After finding the line with "144.8l2.6 1.3-2.6 1.2zM211.5" in the data below, set down exactly each line through the one with "33h15.2v6.4M52.1 39.4h2.5M62.2 39.4h8.9M86.4", inclusive, and stop there.

---------------

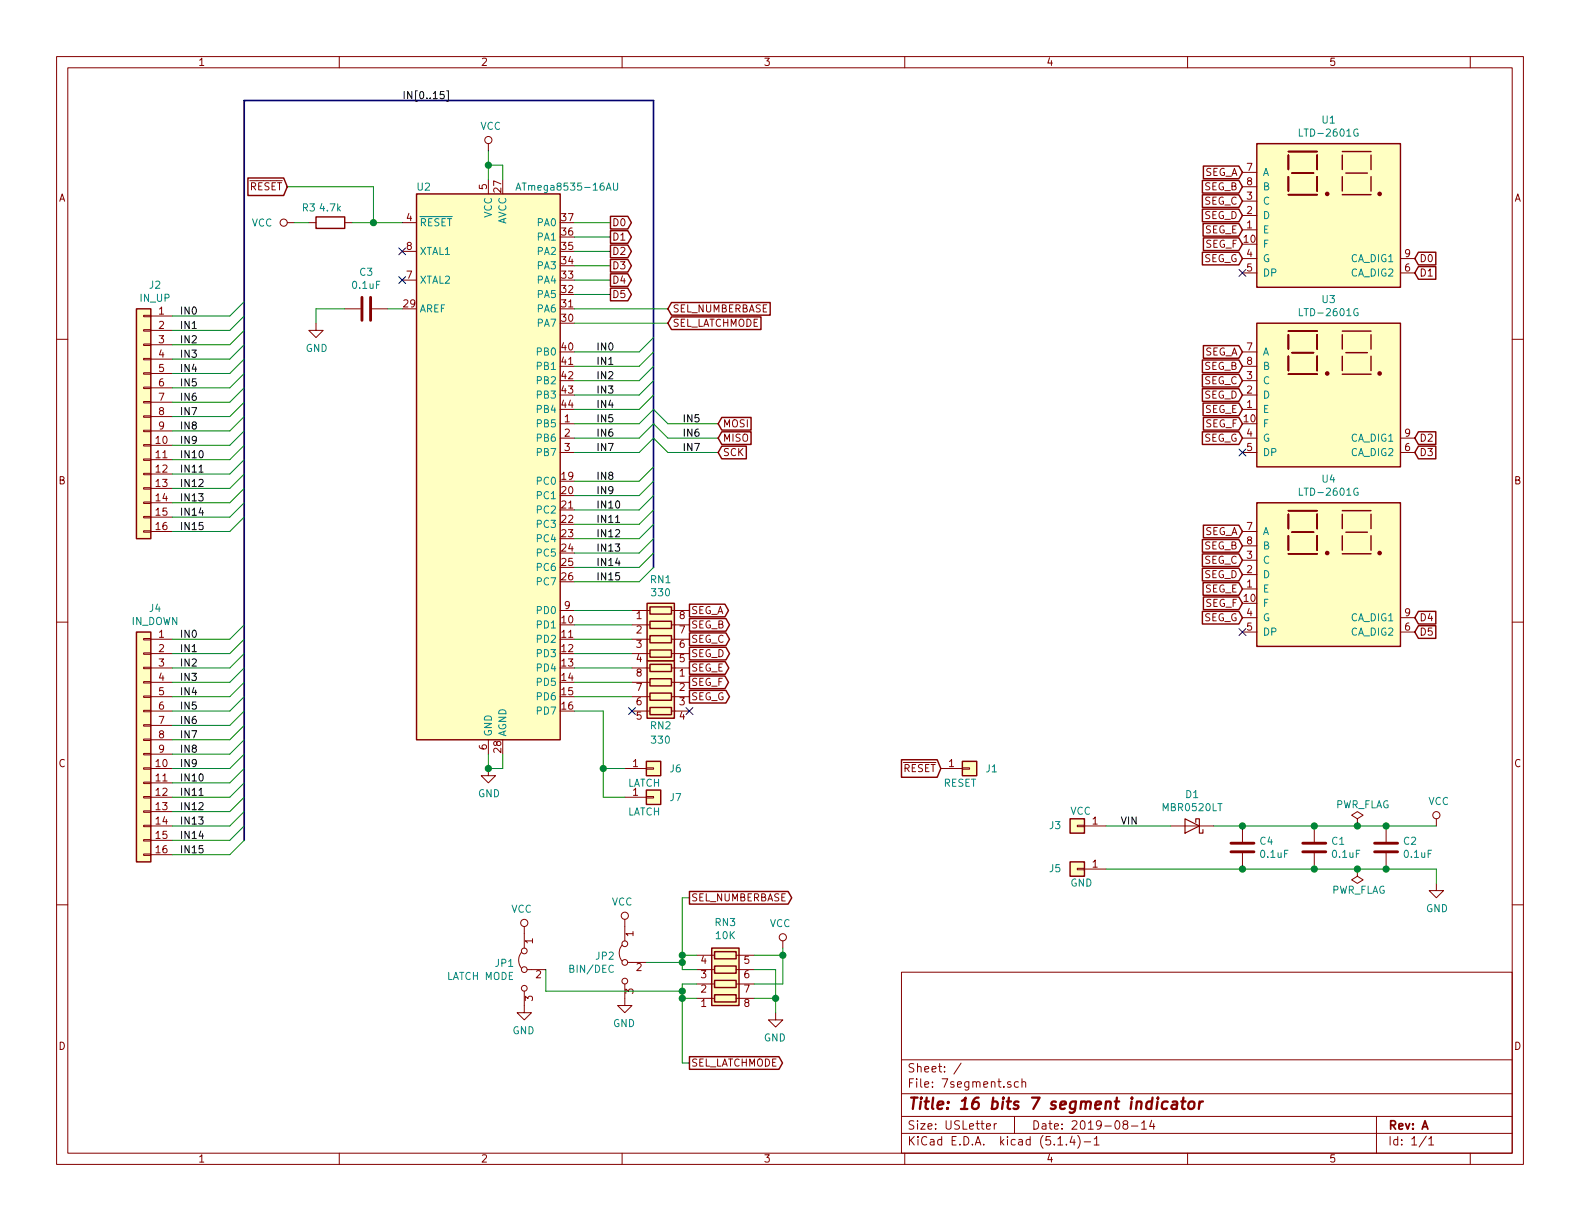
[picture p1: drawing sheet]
<svg xmlns="http://www.w3.org/2000/svg" width="279mm" height="216mm" viewBox="0 0 279 216" stroke-linecap="round" stroke-linejoin="round" font-family="sans-serif">
<g fill="none" stroke="#840000" stroke-width=".18">
<path d="M10 10h259.4v195.9h-259.4zM12 12h255.4v191.9h-255.4zM60 10v2M110 10v2M160 10v2M210 10v2M260 10v2M50.8 39.4h1.3M54.6 39.4h1.3M61 39.4h1.2M71.1 39.4h2.6M86.4 25.4v1.3"/>
<path d="M86.4 31.8v2.5M219.7 38.1h2.5M219.7 35.6h2.5M219.7 30.5h2.5M219.7 33h2.5M10 60h2M25.4 58.3h1.3v.2h-1.3zM25.4 55.8h1.3v.2h-1.3zM26.7 55.9h3.8M26.7 58.4h3.8M55.9 57.2v1.2h1.2l-1.2 1.3-1.3-1.3h1.3M61 54.6h2.8"/>
<path d="M65.8 54.6h2.8M71.1 49.5h2.6M71.1 44.5h2.6M219.7 40.6h2.5M219.7 45.7h2.5M219.7 48.3h2.5M247.6 45.7h2.6M247.6 48.3h2.6M267.4 60h2M25.4 78.6h1.3v.3h-1.3zM25.4 76.1h1.3v.2h-1.3zM25.4 71h1.3v.2h-1.3z"/>
<path d="M25.4 68.5h1.3v.2h-1.3zM25.4 65.9h1.3v.3h-1.3zM25.4 63.4h1.3v.2h-1.3zM25.4 73.5h1.3v.3h-1.3zM25.4 60.8h1.3v.3h-1.3zM26.7 78.7h3.8M26.7 61h3.8M26.7 63.5h3.8M26.7 66h3.8M26.7 68.6h3.8M26.7 71.1h3.8M26.7 73.7h3.8"/>
<path d="M26.7 76.2h3.8M99.1 77.5h2.5M99.1 74.9h2.5M219.7 72.4h2.5M219.7 69.9h2.5M219.7 67.3h2.5M219.7 77.5h2.5M219.7 62.2h2.5M219.7 64.8h2.5M247.6 77.5h2.6M25.4 81.2h1.3v.2h-1.3zM25.4 83.7h1.3v.2h-1.3z"/>
<path d="M25.4 86.2h1.3v.3h-1.3zM25.4 88.8h1.3v.2h-1.3zM25.4 91.3h1.3v.3h-1.3zM25.4 93.9h1.3v.2h-1.3zM26.7 94h3.8M26.7 81.3h3.8M26.7 83.8h3.8M26.7 86.4h3.8M26.7 88.9h3.8M26.7 91.4h3.8M99.1 80h2.5M219.7 99.1h2.5"/>
<path d="M219.7 94h2.5M219.7 96.5h2.5M219.7 80h2.5M247.6 80h2.6M10 110h2M25.4 118h1.3v.2h-1.3zM25.4 115.4h1.3v.3h-1.3zM25.4 112.9h1.3v.3h-1.3zM26.7 113h3.8M26.7 115.6h3.8M26.7 118.1h3.8M99.1 108h2.5"/>
<path d="M111.8 113h3.1M111.8 115.6h3.1M111.8 118.1h3.1M111.8 108h3.1M111.8 110.5h3.1M118.7 113h3.2M118.7 115.6h3.2M118.7 118.1h3.2M118.7 108h3.2M118.7 110.5h3.2M219.7 104.1h2.5M219.7 101.6h2.5"/>
<path d="M219.7 109.2h2.5M219.7 111.8h2.5M247.6 109.2h2.6M247.6 111.8h2.6M267.4 110h2M25.4 135.8h1.3v.2h-1.3zM25.4 138.3h1.3v.3h-1.3zM25.4 133.2h1.3v.3h-1.3zM25.4 128.1h1.3v.3h-1.3zM25.4 125.6h1.3v.3h-1.3zM25.4 123.1h1.3v.2h-1.3zM25.4 120.5h1.3v.3h-1.3z"/>
<path d="M25.4 130.7h1.3v.2h-1.3zM26.7 135.9h3.8M26.7 138.4h3.8M26.7 120.7h3.8M26.7 123.2h3.8M26.7 125.7h3.8M26.7 128.3h3.8M26.7 130.8h3.8M26.7 133.4h3.8M86.4 135.9v1.3h1.2l-1.2 1.2-1.3-1.2h1.3M86.4 130.8v2.6M110.5 135.9h3.8"/>
<path d="M111.8 120.7h3.1M111.8 123.2h3.1M111.8 125.7h3.1M114.3 135.8h1.3v.2h-1.3zM118.7 120.7h3.2M118.7 123.2h3.2M118.7 125.7h3.2M166.4 135.9h3.8M170.2 135.8h1.2v.2h-1.2zM10 160h2M25.4 140.8h1.3v.3h-1.3zM25.4 143.4h1.3v.2h-1.3z"/>
<path d="M25.4 145.9h1.3v.3h-1.3zM25.4 148.5h1.3v.2h-1.3zM25.4 151h1.3v.3h-1.3zM26.7 146.1h3.8M26.7 141h3.8M26.7 143.5h3.8M26.7 148.6h3.8M26.7 151.1h3.8M110.5 141h3.8M114.3 140.8h1.3v.3h-1.3zM190.5 145.9h1.3v.3h-1.3zM190.5 153.5h1.3v.3h-1.3z"/>
<path d="M191.8 146.1h3.8M191.8 153.7h3.8M207 146.1h7.6M219.7 146.1v2.7M219.7 150.9v2.8M232.4 146.1v2.7M232.4 150.9v2.8M240 144.8l1-.7-1-.6-1 .6 1 .7v1.3M240 146.1h.1M240 153.7v1.2l1 .7-1 .6-1-.6 1-.7M240 153.7h.1M245.1 146.1v2.7"/>
<path d="M245.1 150.9v2.8M254 156.2v1.3h1.3l-1.3 1.3-1.3-1.3h1.3M254 144.8v1.3M267.4 160h2M92.2 168.4a2.26 2.26 0 0 0 0 2.8M92.7 175.3v3.8h-1.3l1.3 1.2 1.3-1.2h-1.3M92.7 163.8v3.8M93.2 171.5h3.3M110 167.1a2.26 2.26 0 0 0 0 2.8M110.5 174v3.8h-1.3l1.3 1.3 1.3-1.3h-1.3M110.5 162.6v3.8M111 170.2h3.3"/>
<path d="M123.2 176.5h3.2M123.2 174h3.2M123.2 171.5h3.2M123.2 168.9h3.2M130.2 176.5h3.1M130.2 174h3.1M130.2 171.5h3.1M130.2 168.9h3.1M137.2 179.1v1.2h-1.3l1.3 1.3 1.2-1.3h-1.2M138.4 166.4v1.2M159.4 171.9h108v32h-108zM159.4 197.4h108"/>
<path d="M159.4 193.4h108M159.4 187.4h108M170 188l-1.3 1.9M174.4 199.2l.8-.2-.1-.2-.4-.1-.3 .2 .1 .7h.6M175.8 198.7v1M176.2 198.7l-.3 .1-.1 .2M178.7 191.3a.37 .37 0 0 0-.5 .2v.2l.5 .1 .1 .2-.2 .3-.4-.1M179.4 197.4v3M180.1 191.3h-.4l-.3 .2 .1 .6 .2 .2 .4-.1M180.7 191.4l.1-.1a.37 .37 0 0 1 .6 .2v.8M180.7 190.8v1.5M198.9 198.8l-.3-.3 .1-.2a.48 .48 0 0 1 .6-.1l.1 .3-.1 .3-.6 .1a.48 .48 0 0 0 0 .6l.2 .2 .5-.2v-.4l-.2-.3"/>
<path d="M200.1 199.1h1.1M201.9 198.6l.4-.4v1.5M201.9 199.7h.8M203.7 198.1l-.4 1.1h.9M204 198.7v1M243.4 197.4v6.5M60 203.9v2M110 203.9v2M159.4 200.4h108M160 203.9v2M187.1 202.5h.8M188.6 202.3v.2"/>
<path d="M189.6 200.9l-.4 1.1h.9M189.9 201.5v1M190.6 200.8a1.71 1.71 0 0 1 0 2.2M191.7 201.9h1.2M193.5 201.4l.4-.4v1.5M193.5 202.5h.9M210 203.9v2M252.2 200.9l-1.2 1.9M252.7 201.4l.4-.4v1.5M252.7 202.5h.8M260 203.9v2"/>
<circle cx="50.2" cy="39.4" r=".63"/>
<circle cx="86.4" cy="24.8" r=".63"/>
<circle cx="254" cy="144.1" r=".63"/>
<circle cx="92.7" cy="163.2" r=".63"/>
<circle cx="92.7" cy="171.5" r=".51"/>
<circle cx="92.7" cy="174.8" r=".51"/>
<circle cx="92.7" cy="168.1" r=".51"/>
<circle cx="110.5" cy="161.9" r=".63"/>
<circle cx="110.5" cy="170.2" r=".51"/>
<circle cx="110.5" cy="173.5" r=".51"/>
<circle cx="110.5" cy="166.9" r=".51"/>
<circle cx="138.4" cy="165.7" r=".63"/>
</g>
<path d="M206.5 194.8a.68 .68 0 0 0-1 .3v.8l.3 .2 .5-.1M207.4 194.8h.7v1.3M208.2 195.2l-.7 .1a.4 .4 0 0 0-.4 .4 .4 .4 0 0 0 .3 .4l.7-.1M208.9 194.8h.8M209.3 194.1l-.3 1.7 .1 .2 .4 .1M210.3 194.9a.51 .51 0 0 1 .5-.2 .51 .51 0 0 1 .4 .4v.6a.56 .56 0 0 1-.6 .4 .56 .56 0 0 1-.5-.4zM212.1 194.8l-.1 1.3M212.7 194.8a.55 .55 0 0 0-.6 .3" fill="none" stroke="#840000" stroke-width=".41"/>
<g fill="#ffffc2" stroke="#ffffc2" stroke-width=".18">
<path d="M222.2 88.9h25.4v25.4h-25.4z"/>
<path d="M125.9 167.6h4.8v10.2h-4.8z"/>
<path d="M189.2 144.8h2.6v2.5h-2.6z"/>
<path d="M222.2 57.2h25.4v25.4h-25.4z"/>
<path d="M24.1 54.6h2.6v40.7h-2.6z"/>
<path d="M24.1 111.8h2.6v40.6h-2.6z"/>
<path d="M73.7 34.3h25.4v96.5h-25.4z"/>
<path d="M114.4 116.8h4.9v10.2h-4.9z"/>
<path d="M114.4 106.7h4.9v10.1h-4.9z"/>
<path d="M170.2 134.6h2.5v2.6h-2.5z"/>
<path d="M222.2 25.4h25.4v25.4h-25.4z"/>
<path d="M114.3 139.7h2.5v2.5h-2.5z"/>
<path d="M114.3 134.6h2.5v2.6h-2.5z"/>
<path d="M189.2 152.4h2.6v2.5h-2.6z"/>
</g>
<g fill="none" stroke="#840000" stroke-width=".25">
<path d="M43.8 31.5h6.4l.6 1.5-.6 1.6h-6.4zM55.9 38.4h5.1v2h-5.1zM73.7 34.3h25.4v96.5h-25.4zM107.9 38.3h3.1l.7 1.1-.7 1.1h-3.1zM212.6 31.9h6.5l.6 1.1-.6 1.1h-6.5zM212.6 34.4h6.5l.6 1.2-.6 1.1h-6.5zM212.6 37h6.5l.6 1.1-.6 1.1h-6.5zM212.8 39.5h6.3l.6 1.1-.6 1.2h-6.3zM212.8 29.4h6.3l.6 1.1-.6 1.1h-6.3zM222.2 25.4h25.4v25.4h-25.4zM227.8 27.4v2.6M227.8 31.2v2.6"/>
<path d="M227.8 34.4h5.1M227.8 26.8h5.1M228.5 30.6h3.8M232.9 27.4v2.6M232.9 31.2v2.6M237.4 27.4v2.6M237.4 31.2v2.6M237.4 34.4h5M237.4 26.8h5M238 30.6h3.8M242.4 27.4v2.6M242.4 31.2v2.6"/>
<path d="M24.1 54.6h2.6v40.7h-2.6zM107.9 45.9h3.1l.7 1.1-.7 1.1h-3.1zM107.9 43.3h3.1l.7 1.2-.7 1.1h-3.1zM107.9 40.8h3.1l.7 1.1-.7 1.1h-3.1zM107.9 48.4h3.1l.7 1.1-.7 1.1h-3.1zM107.9 51h3.1l.7 1.1-.7 1.1h-3.1zM118.7 56h15.9v2.3h-15.9l-.6-1.1zM118.7 53.5h17.5v2.2h-17.5l-.6-1.1zM212.6 44.6h6.5l.6 1.1-.6 1.1h-6.5zM212.8 42.1h6.3l.6 1.1-.6 1.1h-6.3zM222.2 57.2h25.4v25.4h-25.4zM227.8 59.2v2.5"/>
<path d="M227.8 58.5h5.1M232.9 59.2v2.5M237.4 59.2v2.5M237.4 58.5h5M242.4 59.2v2.5M250.8 44.6h3.1v2.2h-3.1l-.6-1.1zM250.8 47.1h3.1v2.3h-3.1l-.6-1.1zM127.6 78.9h4.4v2.2h-4.4l-.6-1.1zM127.6 73.8h5.2v2.2h-5.2l-.6-1.1zM127.6 76.4h5.2v2.2h-5.2l-.6-1.1zM212.6 76.4h6.5l.6 1.1-.6 1.1h-6.5zM212.6 68.7h6.5l.6 1.2-.6 1.1h-6.5z"/>
<path d="M212.6 66.2h6.5l.6 1.1-.6 1.1h-6.5zM212.6 63.7h6.5l.6 1.1-.6 1.1h-6.5zM212.8 71.3h6.3l.6 1.1-.6 1.1h-6.3zM212.8 73.8h6.3l.6 1.1-.6 1.1h-6.3zM212.8 61.1h6.3l.6 1.1-.6 1.1h-6.3zM227.8 63v2.5M227.8 66.2h5.1M228.5 62.4h3.8M232.9 63v2.5M237.4 63v2.5M237.4 66.2h5M238 62.4h3.8"/>
<path d="M242.4 63v2.5M250.8 76.4h3.1v2.2h-3.1l-.6-1.1zM250.8 78.9h3.1v2.2h-3.1l-.6-1.1zM212.6 95.4h6.5l.6 1.1-.6 1.1h-6.5zM212.6 97.9h6.5l.6 1.2-.6 1.1h-6.5zM212.8 92.9h6.3l.6 1.1-.6 1.1h-6.3zM222.2 88.9h25.4v25.4h-25.4zM227.8 97.9h5.1M227.8 90.9v2.6M227.8 94.7v2.6M227.8 90.3h5.1M228.5 94.1h3.8"/>
<path d="M232.9 90.9v2.6M232.9 94.7v2.6M237.4 97.9h5M237.4 90.3h5M237.4 90.9v2.6M237.4 94.7v2.6M238 94.1h3.8M242.4 90.9v2.6M242.4 94.7v2.6M24.1 111.8h2.6v40.6h-2.6zM114.4 116.8h4.9v10.2h-4.9zM114.4 106.7h4.9v10.1h-4.9z"/>
<path d="M114.9 117.5h3.8v1.2h-3.8zM114.9 107.3h3.8v1.3h-3.8zM114.9 109.9h3.8v1.2h-3.8zM114.9 112.4h3.8v1.3h-3.8zM114.9 114.9h3.8v1.3h-3.8zM121.9 114.5h6.5l.6 1.1-.6 1.1h-6.5zM121.9 111.9h6.5l.6 1.1-.6 1.1h-6.5zM121.9 106.8h6.3l.6 1.2-.6 1.1h-6.3zM121.9 109.4h6.5l.6 1.1-.6 1.1h-6.5zM121.9 119.5h6.3l.6 1.2-.6 1.1h-6.3zM121.9 117h6.3l.7 1.1-.7 1.1h-6.3zM212.6 100.5h6.5l.6 1.1-.6 1.1h-6.5z"/>
<path d="M212.6 108.1h6.5l.6 1.1-.6 1.1h-6.5zM212.8 103h6.3l.6 1.1-.6 1.2h-6.3zM212.8 105.6h6.3l.6 1.1-.6 1.1h-6.3zM250.8 108.1h3.1v2.2h-3.1l-.6-1.1zM250.8 110.6h3.1v2.3h-3.1l-.6-1.1zM114.3 139.7h2.5v2.5h-2.5zM114.3 134.6h2.5v2.6h-2.5zM114.9 120h3.8v1.3h-3.8zM114.9 122.6h3.8v1.2h-3.8zM114.9 125.1h3.8v1.3h-3.8zM121.9 122.1h6.5l.6 1.1-.6 1.1h-6.5zM159.4 134.3h6.3l.7 1.6-.7 1.5h-6.3z"/>
<path d="M170.2 134.6h2.5v2.6h-2.5zM121.9 157.6h17.5l.6 1.2-.6 1.1h-17.5zM189.2 144.8h2.6v2.5h-2.6zM189.2 152.4h2.6v2.5h-2.6zM125.9 167.6h4.8v10.2h-4.8zM126.4 175.9h3.8v1.3h-3.8zM126.4 173.4h3.8v1.2h-3.8zM126.4 170.8h3.8v1.3h-3.8zM126.4 168.3h3.8v1.2h-3.8zM121.9 186.8h15.8l.7 1.2-.7 1.1h-15.8z"/>
</g>
<g fill="#840000" stroke="#840000" stroke-width=".25">
<circle cx="234.7" cy="97.8" r=".28"/>
<circle cx="244" cy="97.8" r=".28"/>
<circle cx="234.7" cy="66" r=".28"/>
<circle cx="244" cy="66" r=".28"/>
<circle cx="234.7" cy="34.3" r=".28"/>
<circle cx="244" cy="34.3" r=".28"/>
</g>
<path d="M91.2 33.6l.5-1.2 .4 1.2M91.4 33.3h.6M108.5 32.4v1l.2 .2h.4l.1-.2v-1M229.8 22.8v1.3h.6M240.1 22.9a.59 .59 0 0 0-.7 .6 .59 .59 0 0 0 .7 .5l.1-.5h-.3M229.8 54.6v1.2h.6M240.1 54.6a.59 .59 0 0 0-.7 .6 .59 .59 0 0 0 .7 .6l.1-.5h-.3M229.8 86.3v1.3h.6M240.1 86.4a.59 .59 0 0 0-.7 .6 .59 .59 0 0 0 .7 .5l.1-.5h-.3" fill="none" stroke="#008484" stroke-width=".18"/>
<path d="M64 52.6v4M65.5 52.6v4M217.7 150.6h4M217.7 149.1h4M230.4 150.6h4M230.4 149.1h4M243.1 150.6h4M243.1 149.1h4" fill="none" stroke="#840000" stroke-width=".51"/>
<path d="M209.5 144.8l2.6 1.3-2.6 1.2zM211.5 145.4v-.6h.6v2.5h.6v-.6" fill="none" stroke="#840000" stroke-width=".2"/>
<path d="M115.6 100.3v-82.5h-72.4v130.8" fill="none" stroke="#000084" stroke-width=".3"/>
<g fill="none" stroke="#008400" stroke-width=".18">
<path d="M50.8 33h15.2v6.4M52.1 39.4h2.5M62.2 39.4h8.9M86.4 29.2h2.5v2.6M86.4 26.7v5.1M101.6 39.4h6.3M43.2 53.3l-2.6 2.6h-10.1M43.2 55.9l-2.6 2.5h-10.1M43.2 58.4l-2.6 2.6h-10.1M61 54.6h-5.1v2.6M68.6 54.6h2.5M101.6 44.5h6.3"/>
<path d="M101.6 47h6.3M101.6 49.5h6.3M101.6 52.1h6.3M101.6 54.6h16.5M101.6 57.2h16.5M101.6 41.9h6.3M115.6 59.7l-2.6 2.5h-11.4M43.2 78.7l-2.6 2.6h-10.1M43.2 76.2l-2.6 2.5h-10.1M43.2 73.7l-2.6 2.5h-10.1M43.2 61l-2.6 2.5h-10.1M43.2 63.5l-2.6 2.5h-10.1"/>
<path d="M43.2 66l-2.6 2.6h-10.1M43.2 68.6l-2.6 2.5h-10.1M43.2 71.1l-2.6 2.6h-10.1M101.6 74.9h11.4l2.6-2.5 2.5 2.5h8.9M101.6 77.5h11.4l2.6-2.6 2.5 2.6h8.9M115.6 62.2l-2.6 2.6h-11.4M115.6 64.8l-2.6 2.5h-11.4M115.6 67.3l-2.6 2.6h-11.4M115.6 69.9l-2.6 2.5h-11.4M43.2 81.3l-2.6 2.5h-10.1M43.2 83.8l-2.6 2.6h-10.1M43.2 91.4l-2.6 2.6h-10.1"/>
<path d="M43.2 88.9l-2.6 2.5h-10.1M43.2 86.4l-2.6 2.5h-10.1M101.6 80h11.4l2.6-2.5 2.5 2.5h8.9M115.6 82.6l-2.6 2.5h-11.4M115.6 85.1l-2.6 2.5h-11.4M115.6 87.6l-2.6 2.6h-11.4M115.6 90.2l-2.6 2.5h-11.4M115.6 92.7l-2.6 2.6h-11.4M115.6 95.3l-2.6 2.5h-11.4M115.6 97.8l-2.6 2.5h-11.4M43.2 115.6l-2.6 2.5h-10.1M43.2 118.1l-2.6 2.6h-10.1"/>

---------------

-- TASK ANSWER --
<path d="M209.5 144.8l2.6 1.3-2.6 1.2zM211.5 145.4v-.6h.6v2.5h.6v-.6" fill="none" stroke="#840000" stroke-width=".2"/>
<path d="M115.6 100.3v-82.5h-72.4v130.8" fill="none" stroke="#000084" stroke-width=".3"/>
<g fill="none" stroke="#008400" stroke-width=".18">
<path d="M50.8 33h15.2v6.4M52.1 39.4h2.5M62.2 39.4h8.9M86.4 29.2h2.5v2.6M86.4 26.7v5.1M101.6 39.4h6.3M43.2 53.3l-2.6 2.6h-10.1M43.2 55.9l-2.6 2.5h-10.1M43.2 58.4l-2.6 2.6h-10.1M61 54.6h-5.1v2.6M68.6 54.6h2.5M101.6 44.5h6.3"/>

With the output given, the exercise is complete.